**RECORDS TO USE**
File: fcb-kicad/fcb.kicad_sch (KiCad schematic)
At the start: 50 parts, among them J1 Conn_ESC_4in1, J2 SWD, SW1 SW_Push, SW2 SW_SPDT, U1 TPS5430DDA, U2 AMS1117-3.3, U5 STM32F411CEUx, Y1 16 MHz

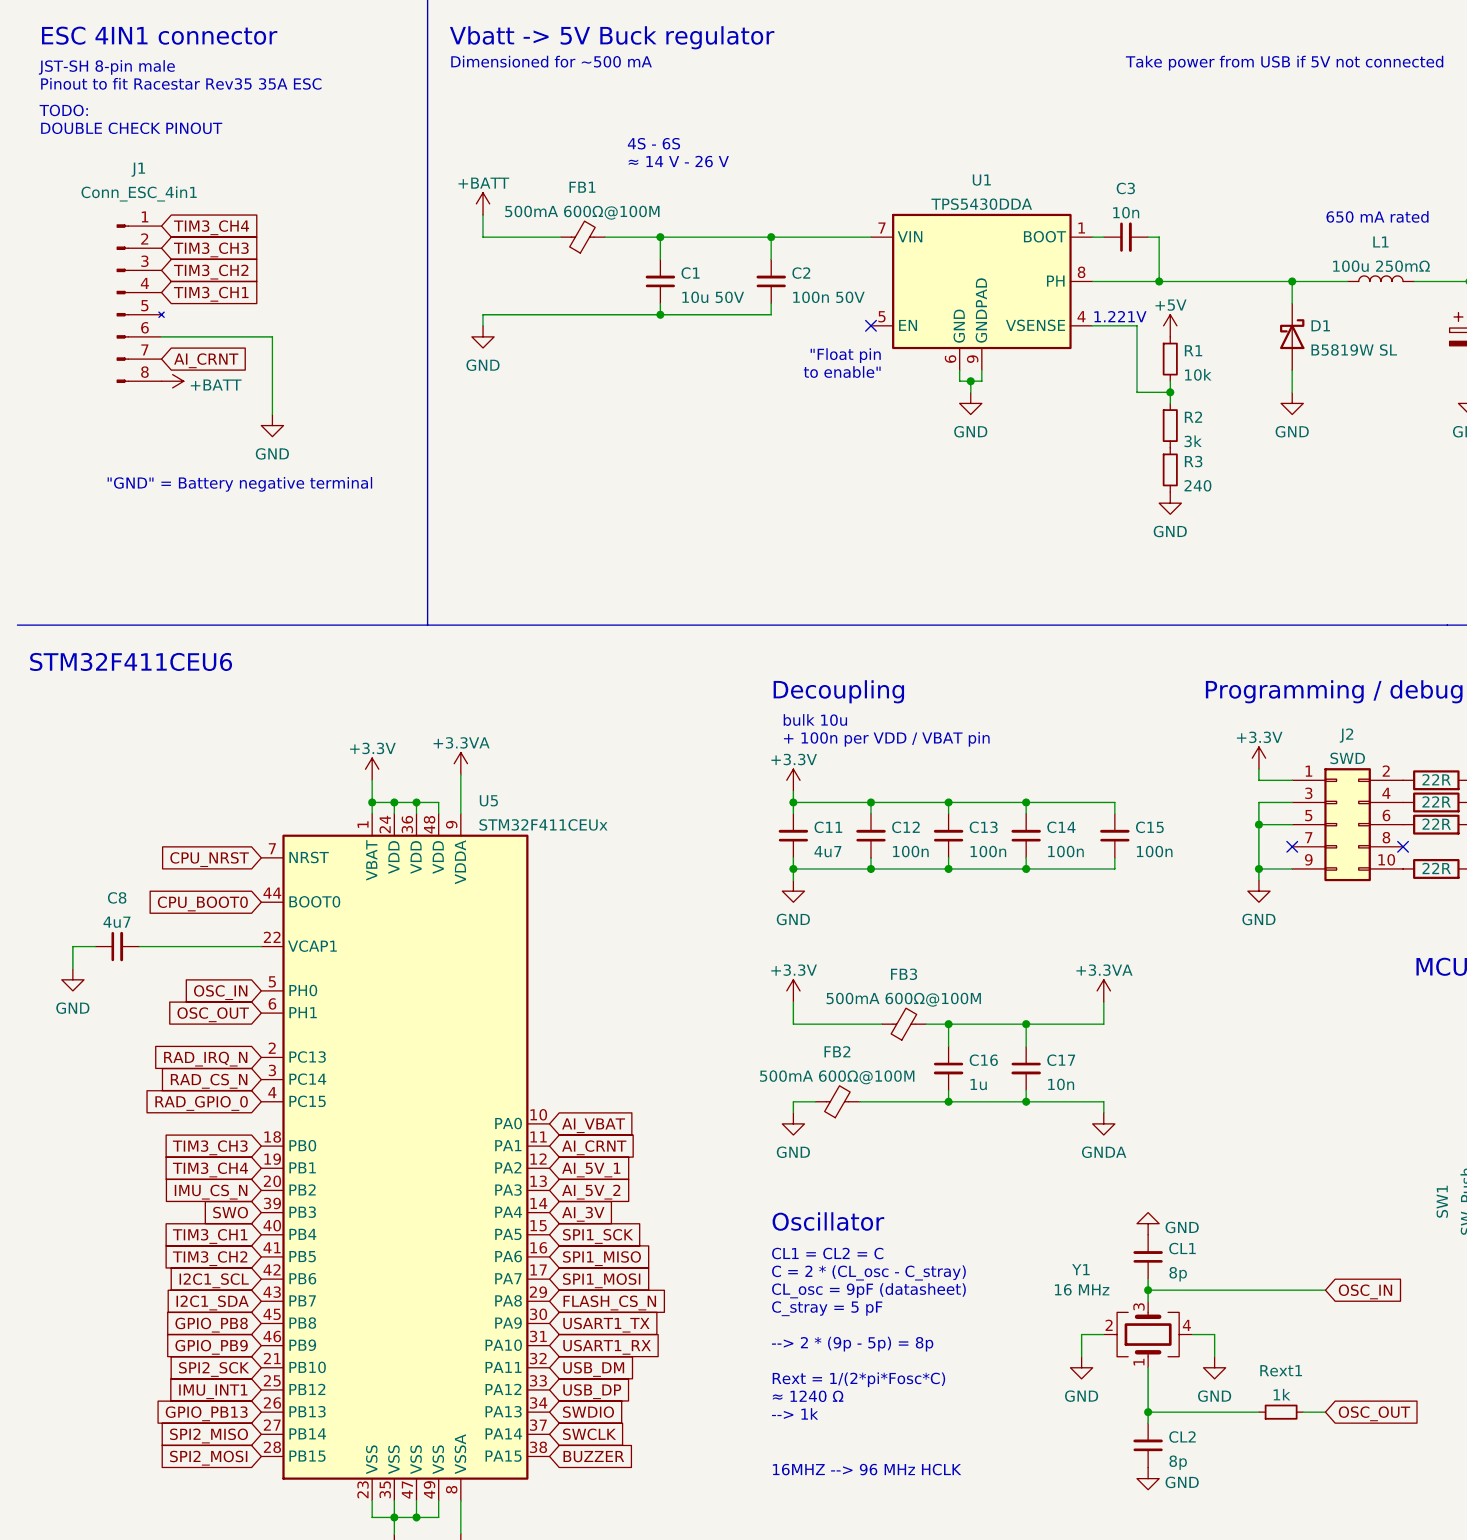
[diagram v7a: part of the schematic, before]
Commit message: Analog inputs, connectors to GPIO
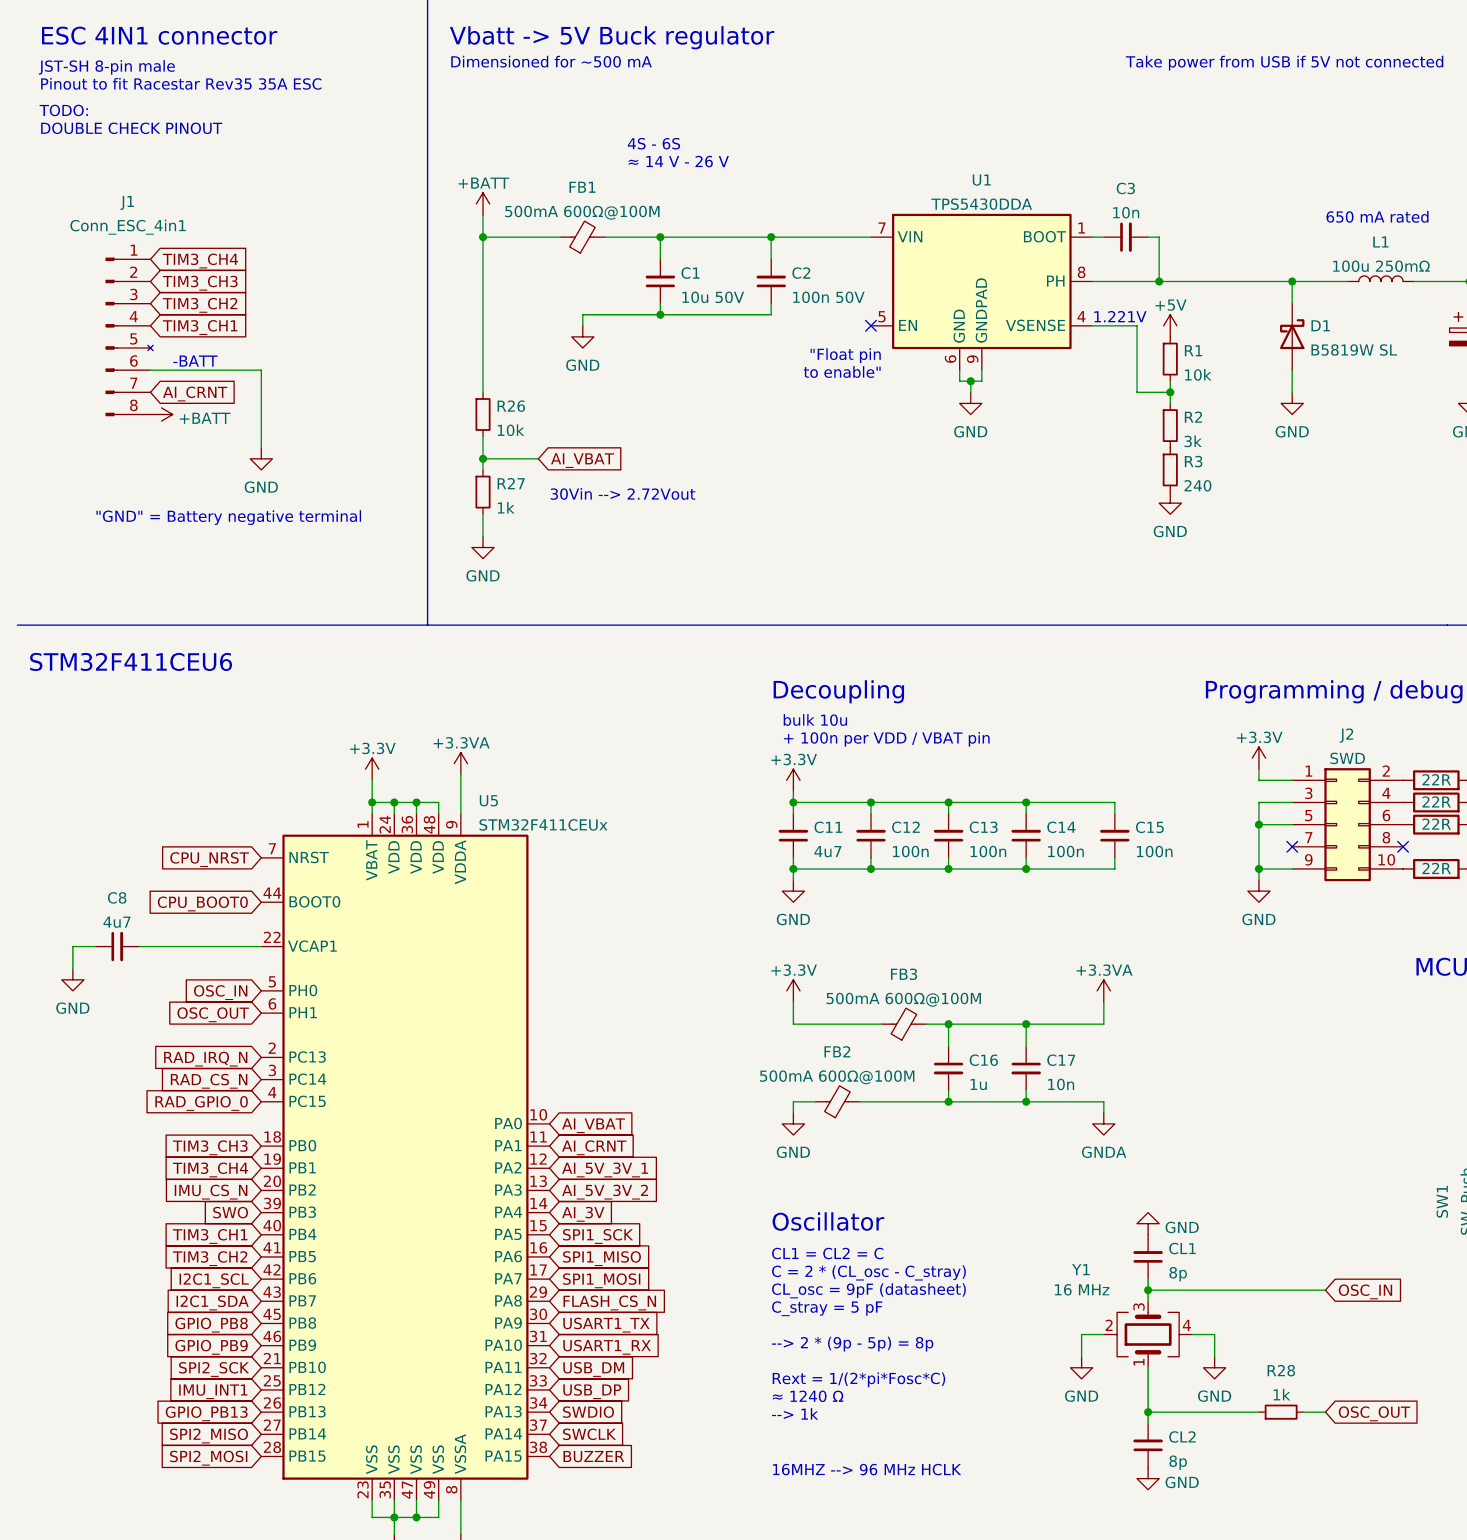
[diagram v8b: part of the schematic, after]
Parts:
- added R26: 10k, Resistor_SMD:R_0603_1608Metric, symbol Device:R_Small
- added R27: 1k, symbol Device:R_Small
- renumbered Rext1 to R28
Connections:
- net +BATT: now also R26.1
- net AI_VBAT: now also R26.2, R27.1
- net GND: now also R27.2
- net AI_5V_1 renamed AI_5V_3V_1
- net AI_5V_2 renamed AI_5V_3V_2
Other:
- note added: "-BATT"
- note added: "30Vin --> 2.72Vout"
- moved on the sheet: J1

**INSTRUCTIONS FOR THE TASK**
Reproduce the material above from its first line through the line containing "[diagram v8b: part of the schematic, after]", both ends included, and skip every picture.

**ANSWER TO THE EXERCISE**
File: fcb-kicad/fcb.kicad_sch (KiCad schematic)
At the start: 50 parts, among them J1 Conn_ESC_4in1, J2 SWD, SW1 SW_Push, SW2 SW_SPDT, U1 TPS5430DDA, U2 AMS1117-3.3, U5 STM32F411CEUx, Y1 16 MHz

[diagram v7a: part of the schematic, before]
Commit message: Analog inputs, connectors to GPIO
[diagram v8b: part of the schematic, after]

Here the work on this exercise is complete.